*INPUT DATA*.
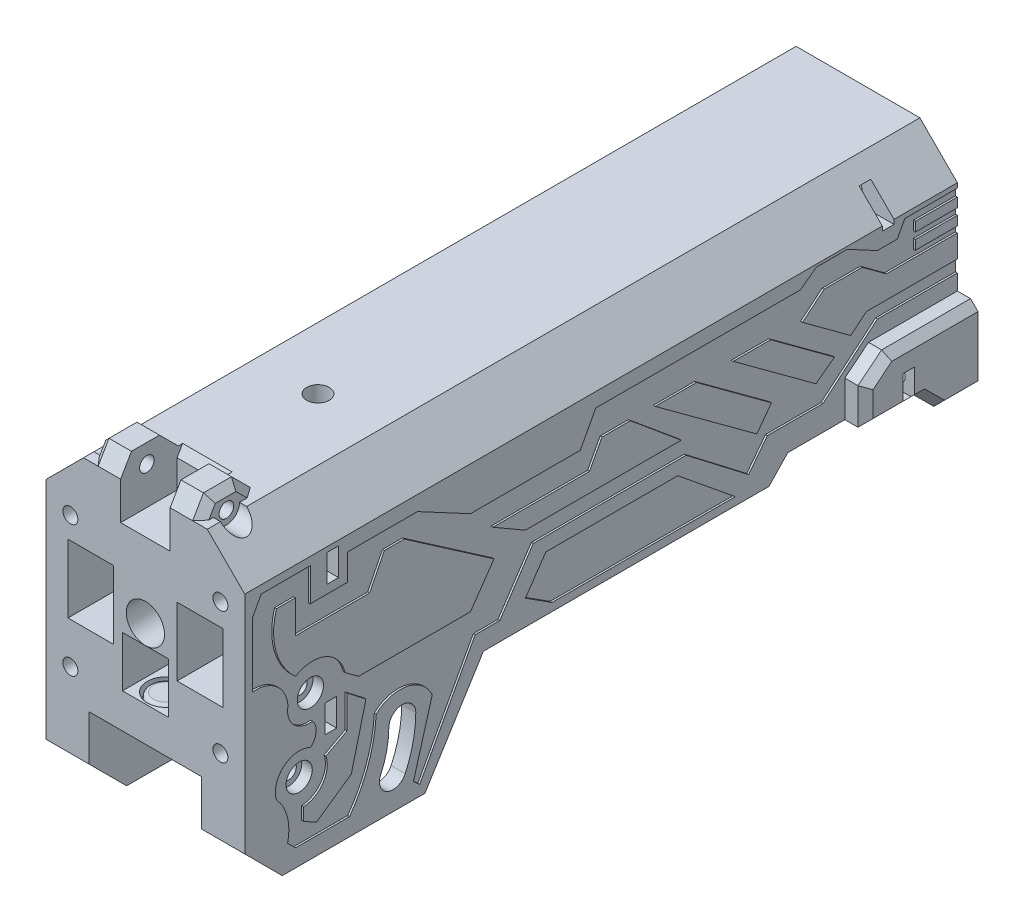
SolidWorks part; units mm, degrees
ref_plane "정면" through (0, 0, 0) normal (0, 0, 1) x (1, 0, 0)
ref_plane "윗면" through (0, 0, 0) normal (0, 1, 0) x (1, 0, 0)
ref_plane "우측면" through (0, 0, 0) normal (1, 0, 0) x (0, 0, -1)
sketch "스케치3" plane through (0, 0, 0) normal (1, 0, 0) x (0, 0, -1)
  line L0 (0, 0) -> (190, 0)
  line L1 (190, 0) -> (190, -55)
  line L2 (190, -55) -> (180.2215, -55)
  line L3 (63.6072, -55) -> (48.0366, -80)
  line L4 (48.0366, -80) -> (0, -80)
  line L5 (0, -80) -> (0, 0)
  line L6 (139.7521, -55) -> (144.7798, -49.7132)
  line L7 (144.7798, -49.7132) -> (174.9094, -49.7132)
  line L8 (174.9094, -49.7132) -> (180.2215, -55)
  line L9 (139.7521, -55) -> (63.6072, -55)
  dimension "D3" = 80
  dimension "D1" = 190
  dimension "D2" = 55
extrude "보스-돌출2" add sketch "스케치3" along normal mid plane 53 contours L5 L4 L3 L2 L1 L0 region at (0, -31.8184, -85.9521)
sketch "스케치6" plane through (0, 0, -190) normal (0, 0, -1) x (-1, 0, 0)
  line L0 (0, 0) -> (0, -30) construction
  line L1 (-26.5, 0) -> (26.5, 0) construction
  circle A0 centre (0, -30) radius 22.575
  dimension "D1" = 45.15
  dimension "D2" = 30
extrude "컷-돌출4" cut sketch "스케치6" against normal blind 160
sketch "스케치4" plane through (0, 0, 0) normal (1, 0, 0) x (0, 0, -1)
  line L1 (30, -30) -> (190, -30)
  line L2 (30, -30) -> (30, -90)
  line L3 (30, -90) -> (190, -90)
  line L4 (190, -30) -> (190, -90)
  dimension "D1" = 30
  dimension "D2" = 30
  dimension "D3" = 60
  dimension "D4" = 160
extrude "컷-돌출2" cut sketch "스케치4" against normal mid plane 45.5
sketch "스케치7" plane through (0, 0, 0) normal (1, 0, 0) x (0, 0, -1)
  circle A0 centre (15, -60) radius 2.05
  dimension "D1" = 4.1
  dimension "D2" = 60
  dimension "D3" = 15
extrude "컷-돌출5" cut sketch "스케치7" against normal through all both and the other way through all
sketch "스케치8" plane through (0, 0, 0) normal (1, 0, 0) x (0, 0, -1)
  line L1 (13.0632, -51.62) -> (100, -51.62)
  line L2 (0, -57.901) -> (0, -86.62)
  line L3 (0, -86.62) -> (100, -86.62)
  line L4 (100, -51.62) -> (100, -86.62)
  line L5 (7.0843, -57.901) -> (0, -57.901)
  arc A0 (13.0632, -51.62) -> (7.0843, -57.901) centre (15.7981, -60.2095) ccw
  dimension "D1" = 51.62
  dimension "D3" = 100
extrude "컷-돌출6" cut sketch "스케치8" against normal mid plane 30
sketch "스케치11" plane through (26.5, 0, 0) normal (1, 0, 0) x (0, 0, -1)
  line L0 (41.3609, -65.8399) -> (15, -60) construction
  arc A0 (42, -60.1) -> (39.5158, -71.3126) centre (14.9961, -59.9987) cw construction
  arc A1 (42.7846, -72.8209) -> (45.6, -60.1135) centre (14.9961, -59.9987) ccw
  arc A2 (36.247, -69.8043) -> (38.4, -60.0865) centre (14.9961, -59.9987) ccw
  arc A3 (36.247, -69.8043) -> (42.7846, -72.8209) centre (39.5158, -71.3126) ccw
  arc A4 (45.6, -60.1135) -> (38.4, -60.0865) centre (42, -60.1) ccw
  point P3 (41.3609, -65.8399)
  dimension "D1" = 3.6
  dimension "D2" = 39.5158
  dimension "D3" = 71.3126
  dimension "D4" = 42
  dimension "D5" = 60.1
  dimension "D6" = 27
extrude "컷-돌출8" cut sketch "스케치11" against normal up to next
mirror "대칭 복사1" about plane through (0, 0, 0) normal (1, 0, 0) of "컷-돌출8"
chamfer "모따기1" distance 10 angle 45 2 edges at (20.75, -80, 0) (-20.75, -80, 0)
chamfer "모따기2" distance 10 angle 45 2 edges at (-26.5, 0, -95) (26.5, 0, -95)
sketch "스케치18" plane through (0, 0, 0) normal (1, 0, 0) x (0, 0, -1)
  circle A0 centre (18, -42) radius 1.95
  dimension "D1" = 3.9
  dimension "D2" = 42
  dimension "D3" = 18
extrude "컷-돌출15" cut sketch "스케치18" against normal through all both and the other way through all
sketch "스케치17" plane through (0, 0, 0) normal (1, 0, 0) x (0, 0, -1)
  line L0 (30, -35.12) -> (30, -32.2)
  line L1 (30, -51.62) -> (23.6487, -51.62)
  line L2 (30, -51.62) -> (30, -46.0645)
  line L3 (30, -32.2) -> (27.7633, -32.2)
  line L4 (23.6487, -51.62) -> (23.6487, -48.62)
  line L5 (23.6487, -48.62) -> (0, -48.62)
  line L6 (30, -46.0645) -> (30, -35.12)
  line L7 (24.5598, -35.12) -> (0, -35.12)
  line L8 (0, -48.62) -> (0, -35.12)
  line L9 (27.7633, -32.2) -> (24.5598, -35.12)
  line L10 (0, -70) -> (0, -10) construction
  dimension "D1" = 16.5
  dimension "D2" = 3
  dimension "D3" = 30
  dimension "D4" = 32.2
extrude "컷-돌출14" cut sketch "스케치17" against normal mid plane 12.2
sketch "스케치19" plane through (0, -48.62, 0) normal (0, 1, 0) x (1, 0, 0)
  line L0 (0, 5.5) -> (0, 0) construction
  line L1 (-6.1, 0) -> (6.1, 0) construction
  circle A0 centre (0, 5.5) radius 5
  circle A1 centre (0, 5.5) radius 4.3
  dimension "D1" = 10
  dimension "D2" = 8.6
  dimension "D3" = 5.5
extrude "컷-돌출16" cut sketch "스케치19" against normal blind 3.5
fillet "필렛1" radius 1 1 edges at (0, -48.62, -1.2)
sketch "스케치20" plane through (0, 0, -30) normal (0, 0, -1) x (-1, 0, 0)
  line L0 (0, 0) -> (0, -91.2285) construction
  line L1 (-20.6469, -20.8712) -> (-8.4469, -20.8712)
  line L2 (-20.6469, -20.8712) -> (-20.6469, -39.0712)
  line L3 (-20.6469, -39.0712) -> (-8.4469, -39.0712)
  line L4 (-8.4469, -20.8712) -> (-8.4469, -39.0712)
  line L5 (-16.5, 0) -> (16.5, 0) construction
  line L6 (8.4469, -20.8712) -> (8.4469, -39.0712)
  line L7 (20.6469, -39.0712) -> (8.4469, -39.0712)
  line L8 (20.6469, -20.8712) -> (20.6469, -39.0712)
  line L9 (20.6469, -20.8712) -> (8.4469, -20.8712)
  arc A0 (22.575, -30) -> (-22.575, -30) centre (0, -30) ccw construction
  dimension "D1" = 12.2
  dimension "D2" = 18.2
extrude "컷-돌출17" cut sketch "스케치20" against normal up to next
sketch "스케치13" plane through (26.5, 0, 0) normal (1, 0, 0) x (0, 0, -1)
  circle A0 centre (15, -60) radius 3.5
  circle A1 centre (18, -42) radius 3.5
  dimension "D1" = 7
  dimension "D2" = 7
extrude "컷-돌출9" cut sketch "스케치13" against normal blind 3.3
sketch "스케치14" plane through (-26.5, 0, 0) normal (-1, 0, 0) x (0, 0, 1)
  line L1 (-10.7853, -60) -> (-12.8927, -56.35)
  line L2 (-12.8927, -56.35) -> (-17.1073, -56.35)
  line L3 (-17.1073, -56.35) -> (-19.2147, -60)
  line L4 (-19.2147, -60) -> (-17.1073, -63.65)
  line L5 (-17.1073, -63.65) -> (-12.8927, -63.65)
  line L6 (-12.8927, -63.65) -> (-10.7853, -60)
  line L7 (-13.7853, -42) -> (-15.8927, -38.35)
  line L8 (-15.8927, -38.35) -> (-20.1073, -38.35)
  line L9 (-20.1073, -38.35) -> (-22.2147, -42)
  line L10 (-22.2147, -42) -> (-20.1073, -45.65)
  line L11 (-20.1073, -45.65) -> (-15.8927, -45.65)
  line L12 (-15.8927, -45.65) -> (-13.7853, -42)
  circle A0 centre (-15, -60) radius 3.65 construction
  circle A1 centre (-18, -42) radius 3.65 construction
  dimension "D1" = 7.3
  dimension "D2" = 7.3
extrude "컷-돌출10" cut sketch "스케치14" against normal blind 3.5
sketch "스케치15" plane through (0, 0, 0) normal (1, 0, 0) x (0, 0, -1)
  circle A0 centre (18.1164, -74.2877) radius 2.1
  dimension "D1" = 4.2
extrude "컷-돌출11" [suppressed] cut sketch "스케치15" against normal through all both and the other way through all
sketch "스케치26" plane through (0, 0, 0) normal (1, 0, 0) x (0, 0, -1)
  line L1 (0, 0) -> (25, 0)
  line L2 (0, 0) -> (0, -25)
  line L3 (0, -25) -> (25, -25)
  line L4 (25, 0) -> (25, -25)
  dimension "D1" = 25
  dimension "D2" = 25
extrude "컷-돌출18" [suppressed] cut sketch "스케치26" against normal mid plane 10
chamfer "모따기3" [suppressed] distance 1 angle 45
sketch "스케치28" plane through (0, 0, 0) normal (0, 0, 1) x (1, 0, 0)
  line L0 (-20, -15) -> (-20, -50) construction
  line L1 (0, 0) -> (0, -69.5439) construction
  circle A0 centre (-20, -15) radius 2
  circle A1 centre (-20, -50) radius 2
  circle A2 centre (20, -50) radius 2
  circle A3 centre (20, -15) radius 2
  dimension "D1" = 4
  dimension "D2" = 4
  dimension "D3" = 15
  dimension "D4" = 35
  dimension "D5" = 20
extrude "컷-돌출20" cut sketch "스케치28" against normal blind 26
ref_plane "평면1" through (0, 0, -25) normal (0, 0, 1) x (1, 0, 0)
sketch "스케치30" plane through (0, 0, -25) normal (0, 0, 1) x (1, 0, 0)
  line L0 (0, 0) -> (0, -77.3775) construction
  line L1 (-15.7565, -15) -> (-17.8782, -11.325)
  line L2 (-17.8782, -11.325) -> (-22.1218, -11.325)
  line L3 (-22.1218, -11.325) -> (-24.2435, -15)
  line L4 (-24.2435, -15) -> (-22.1218, -18.675)
  line L5 (-22.1218, -18.675) -> (-17.8782, -18.675)
  line L6 (-17.8782, -18.675) -> (-15.7565, -15)
  line L7 (-15.7565, -50) -> (-17.8782, -46.325)
  line L8 (-17.8782, -46.325) -> (-22.1218, -46.325)
  line L9 (-22.1218, -46.325) -> (-24.2435, -50)
  line L10 (-24.2435, -50) -> (-22.1218, -53.675)
  line L11 (-22.1218, -53.675) -> (-17.8782, -53.675)
  line L12 (-17.8782, -53.675) -> (-15.7565, -50)
  line L13 (-22.1218, -11.325) -> (-32.6069, -11.325)
  line L14 (-32.6069, -11.325) -> (-32.6069, -18.675)
  line L15 (-32.6069, -18.675) -> (-22.1218, -18.675)
  line L16 (-22.1218, -46.325) -> (-32.6069, -46.325)
  line L17 (-32.6069, -46.325) -> (-32.6069, -53.675)
  line L18 (-32.6069, -53.675) -> (-22.1218, -53.675)
  line L19 (32.6069, -53.675) -> (22.1218, -53.675)
  line L20 (32.6069, -46.325) -> (32.6069, -53.675)
  line L21 (22.1218, -46.325) -> (32.6069, -46.325)
  line L22 (32.6069, -18.675) -> (22.1218, -18.675)
  line L23 (32.6069, -11.325) -> (32.6069, -18.675)
  line L24 (22.1218, -11.325) -> (32.6069, -11.325)
  line L25 (17.8782, -53.675) -> (15.7565, -50)
  line L26 (22.1218, -53.675) -> (17.8782, -53.675)
  line L27 (24.2435, -50) -> (22.1218, -53.675)
  line L28 (22.1218, -46.325) -> (24.2435, -50)
  line L29 (17.8782, -46.325) -> (22.1218, -46.325)
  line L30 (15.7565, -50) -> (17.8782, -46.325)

*EXERCISE DIRECTIONS*. With the pictures left out, restate word for word every line of the data above, from the first down to the line that contains "(0, -31.8184, -85.9521)".

*ANSWER SECTION*.
SolidWorks part; units mm, degrees
ref_plane "정면" through (0, 0, 0) normal (0, 0, 1) x (1, 0, 0)
ref_plane "윗면" through (0, 0, 0) normal (0, 1, 0) x (1, 0, 0)
ref_plane "우측면" through (0, 0, 0) normal (1, 0, 0) x (0, 0, -1)
sketch "스케치3" plane through (0, 0, 0) normal (1, 0, 0) x (0, 0, -1)
  line L0 (0, 0) -> (190, 0)
  line L1 (190, 0) -> (190, -55)
  line L2 (190, -55) -> (180.2215, -55)
  line L3 (63.6072, -55) -> (48.0366, -80)
  line L4 (48.0366, -80) -> (0, -80)
  line L5 (0, -80) -> (0, 0)
  line L6 (139.7521, -55) -> (144.7798, -49.7132)
  line L7 (144.7798, -49.7132) -> (174.9094, -49.7132)
  line L8 (174.9094, -49.7132) -> (180.2215, -55)
  line L9 (139.7521, -55) -> (63.6072, -55)
  dimension "D3" = 80
  dimension "D1" = 190
  dimension "D2" = 55
extrude "보스-돌출2" add sketch "스케치3" along normal mid plane 53 contours L5 L4 L3 L2 L1 L0 region at (0, -31.8184, -85.9521)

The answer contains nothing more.